■ **PROBLEM REQUIREMENTS**:
Each line below from the one containing "H 1700 2200" through the one containing "V 2700 2150" is to be given again exactly, and no line outside that span.
:: PROVIDED RECORDS
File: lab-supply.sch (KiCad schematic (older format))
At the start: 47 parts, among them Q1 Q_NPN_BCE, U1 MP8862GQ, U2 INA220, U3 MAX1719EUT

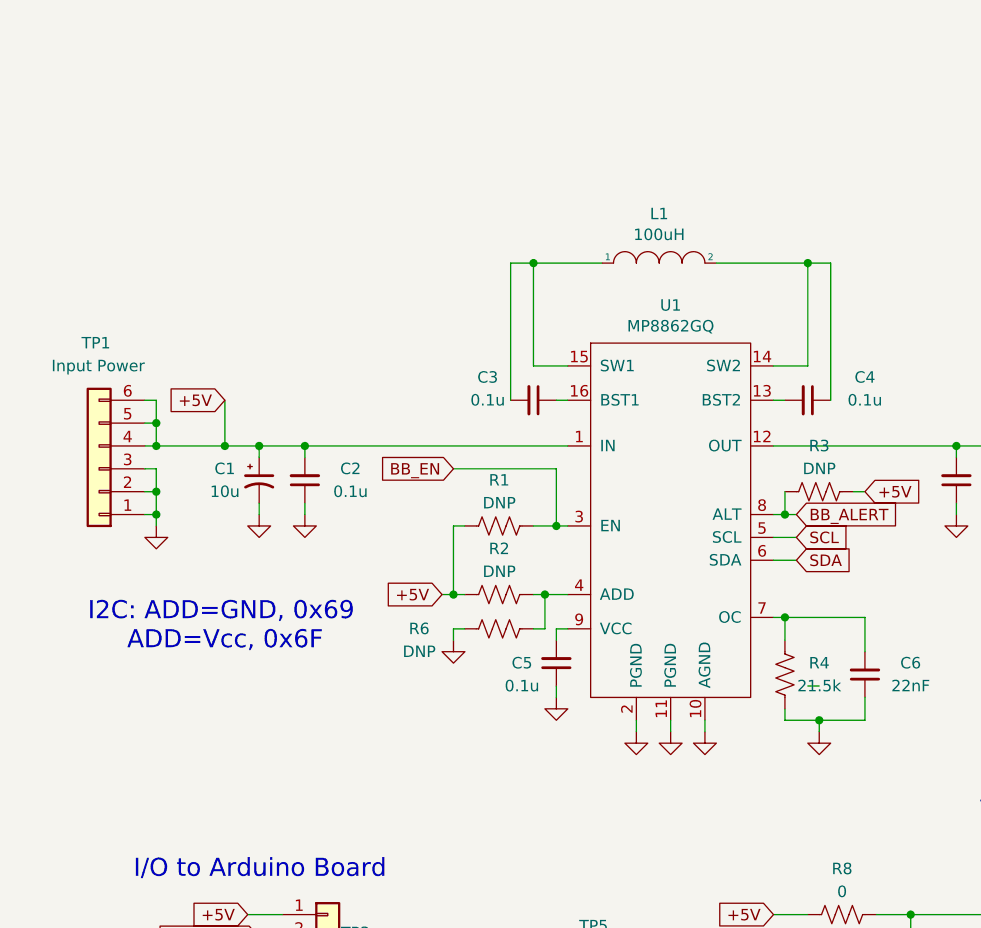
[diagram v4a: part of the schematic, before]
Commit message: Separated Vcc_bb from 5V
Allows for buck/boost to run off of separate Vin from the rest of the circuit. For example +12V
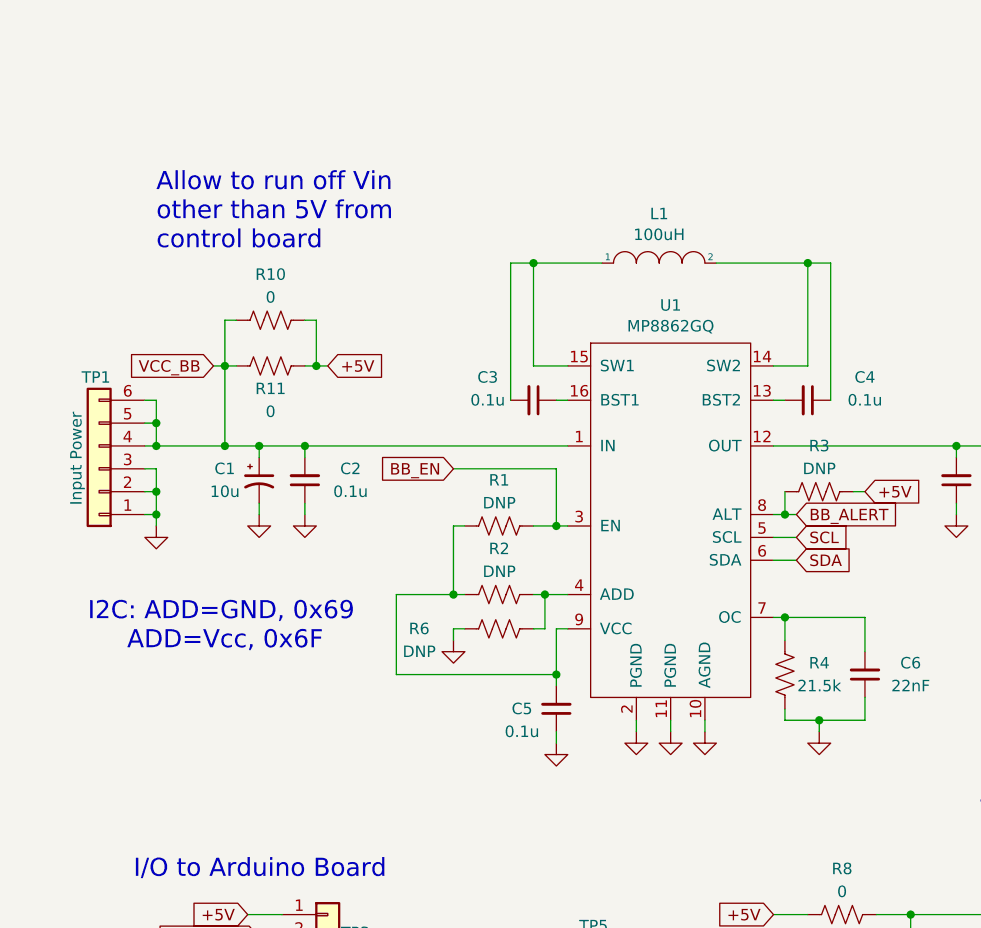
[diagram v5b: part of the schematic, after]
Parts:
- added R10, R11: 0, Rays Footprints:R_0805_HandSoldering, symbol Device:R_US
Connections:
- net +5V: now also R10.1, R11.1; no longer C1.1, C2.2, R1.2, R2.2, TP1.4 (Pin_4), TP1.5 (Pin_5), TP1.6 (Pin_6), U1.1 (IN)
- net at C5.2, U1.9 (VCC): now also R1.2, R2.2
- new net VCC_BB: C1.1, C2.2, R10.2, R11.2, TP1.4 (Pin_4), TP1.5 (Pin_5), TP1.6 (Pin_6), U1.1 (IN)
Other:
- note added: "Allow to run off Vin\nother than 5V from\ncontrol board"
- moved on the sheet: C5
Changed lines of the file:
@@
 Wire Wire Line
 	2650 2750 2650 2800
-Text GLabel 2300 2300 0    50   Input ~ 0
-+5V
+Text GLabel 2250 2150 0    50   Input ~ 0
+VCC_BB
 Connection ~ 2450 2500
 $Comp
 L Device:C_Small C5
 U 1 1 5EF72D37
-P 3750 3450
-F 0 "C5" H 3900 3450 50  0000 C CNN
-F 1 "0.1u" H 3900 3550 50  0000 C CNN
-F 2 "Rays Footprints:C_0603_HandSoldering" H 3750 3450 50  0001 C CNN
-F 3 "~" H 3750 3450 50  0001 C CNN
-	1    3750 3450
+P 3750 3650
+F 0 "C5" H 3900 3650 50  0000 C CNN
+F 1 "0.1u" H 3900 3750 50  0000 C CNN
+F 2 "Rays Footprints:C_0603_HandSoldering" H 3750 3650 50  0001 C CNN
+F 3 "~" H 3750 3650 50  0001 C CNN
+	1    3750 3650
 	-1   0    0    1
 $EndComp
@@
 L power:GND #PWR05
 U 1 1 5EF72D41
-P 3750 3600
-F 0 "#PWR05" H 3750 3350 50  0001 C CNN
-F 1 "GND" H 3755 3427 50  0001 C CNN
-F 2 "" H 3750 3600 50  0001 C CNN
-F 3 "" H 3750 3600 50  0001 C CNN
-	1    3750 3600
-	1    0    0    -1
-$EndComp
-Wire Wire Line
-	3750 3550 3750 3600
+P 3750 3800
+F 0 "#PWR05" H 3750 3550 50  0001 C CNN
+F 1 "GND" H 3755 3627 50  0001 C CNN
+F 2 "" H 3750 3800 50  0001 C CNN
+F 3 "" H 3750 3800 50  0001 C CNN
+	1    3750 3800
+	1    0    0    -1
+$EndComp
+Wire Wire Line
+	3750 3750 3750 3800
 Wire Wire Line
 	3800 3300 3750 3300
-Wire Wire Line
-	3750 3300 3750 3350
 $Comp
 L Device:R_US R2
@@
 Wire Wire Line
 	3800 3150 3700 3150
-Text GLabel 3250 3150 0    50   Input ~ 0
-+5V
-Wire Wire Line
-	3250 3150 3300 3150
 $Comp
 L Device:R_US R1
@@
 	4900 3700 4750 3700
 Wire Wire Line
-	4850 3550 4900 3550
-Wire Wire Line
 	5900 2500 5900 2550
 $Comp
@@
 U 1 1 5F3A352E
 P 1750 2600
-F 0 "TP1" H 1700 2050 50  0000 L CNN
-F 1 "Input Power" H 1550 2150 50  0000 L CNN
+F 0 "TP1" H 1700 2200 50  0000 L CNN
+F 1 "Input Power" V 1850 2350 50  0000 L CNN
 F 2 "Connector_PinHeader_2.54mm:PinHeader_1x06_P2.54mm_Vertical" H 1950 2600 50  0001 C CNN
 F 3 "" H 1950 2600 50  0001 C CNN
@@
 	-1   0    0    1
 $EndComp
-Wire Wire Line
-	2300 2300 2300 2500
 Connection ~ 2300 2500
 Wire Wire Line
@@
 Wire Wire Line
 	8900 2600 8900 2750
+Wire Wire Line
+	3750 3300 3750 3500
+Wire Wire Line
+	3750 3500 3050 3500
+Wire Wire Line
+	3050 3500 3050 3150
+Wire Wire Line
+	3050 3150 3300 3150
+Connection ~ 3750 3500
+Wire Wire Line
+	3750 3500 3750 3550
+$Comp
+L Device:R_US R11
+U 1 1 5EDBEE35
+P 2500 2150
+F 0 "R11" V 2600 2150 50  0000 C CNN
+F 1 "0" V 2700 2150 50  0000 C CNN
+F 2 "Rays Footprints:R_0805_HandSoldering" V 2540 2140 50  0001 C CNN
+F 3 "https://www.digikey.com/product-detail/en/stackpole-electronics-inc/RMCF1210JT12R0/RMCF1210JT12R0CT-ND/7906987" H 2500 2150 50  0001 C CNN
+	1    2500 2150
+	0    1    1    0
+$EndComp
+Wire Wire Line
+	2300 2150 2300 2500
+Wire Wire Line
+	2250 2150 2300 2150
+Wire Wire Line
+	2350 2150 2300 2150
+Connection ~ 2300 2150
+Text GLabel 2750 2150 2    50   Input ~ 0
++5V
+Wire Wire Line
+	2700 2150 2650 2150
+$Comp
+L Device:R_US R10
+U 1 1 5EDE3305
+P 2500 1950
+F 0 "R10" V 2300 1950 50  0000 C CNN
+F 1 "0" V 2400 1950 50  0000 C CNN
+F 2 "Rays Footprints:R_0805_HandSoldering" V 2540 1940 50  0001 C CNN
+F 3 "https://www.digikey.com/product-detail/en/stackpole-electronics-inc/RMCF1210JT12R0/RMCF1210JT12R0CT-ND/7906987" H 2500 1950 50  0001 C CNN
+	1    2500 1950
+	0    1    1    0
+$EndComp
+Wire Wire Line
+	2300 2150 2300 1950
+Wire Wire Line
+	2300 1950 2350 1950
+Wire Wire Line
+	2650 1950 2700 1950
+Wire Wire Line
+	2700 1950 2700 2150
+Wire Wire Line
+	2700 2150 2750 2150
+Connection ~ 2700 2150
+Text Notes 2000 1650 0    79   ~ 0
+Allow to run off Vin\nother than 5V from\ncontrol board
 $EndSCHEMATC
::::
■ **EXPECTED OUTPUT**:
+F 0 "TP1" H 1700 2200 50  0000 L CNN
+F 1 "Input Power" V 1850 2350 50  0000 L CNN
 F 2 "Connector_PinHeader_2.54mm:PinHeader_1x06_P2.54mm_Vertical" H 1950 2600 50  0001 C CNN
 F 3 "" H 1950 2600 50  0001 C CNN
@@
 	-1   0    0    1
 $EndComp
-Wire Wire Line
-	2300 2300 2300 2500
 Connection ~ 2300 2500
 Wire Wire Line
@@
 Wire Wire Line
 	8900 2600 8900 2750
+Wire Wire Line
+	3750 3300 3750 3500
+Wire Wire Line
+	3750 3500 3050 3500
+Wire Wire Line
+	3050 3500 3050 3150
+Wire Wire Line
+	3050 3150 3300 3150
+Connection ~ 3750 3500
+Wire Wire Line
+	3750 3500 3750 3550
+$Comp
+L Device:R_US R11
+U 1 1 5EDBEE35
+P 2500 2150
+F 0 "R11" V 2600 2150 50  0000 C CNN
+F 1 "0" V 2700 2150 50  0000 C CNN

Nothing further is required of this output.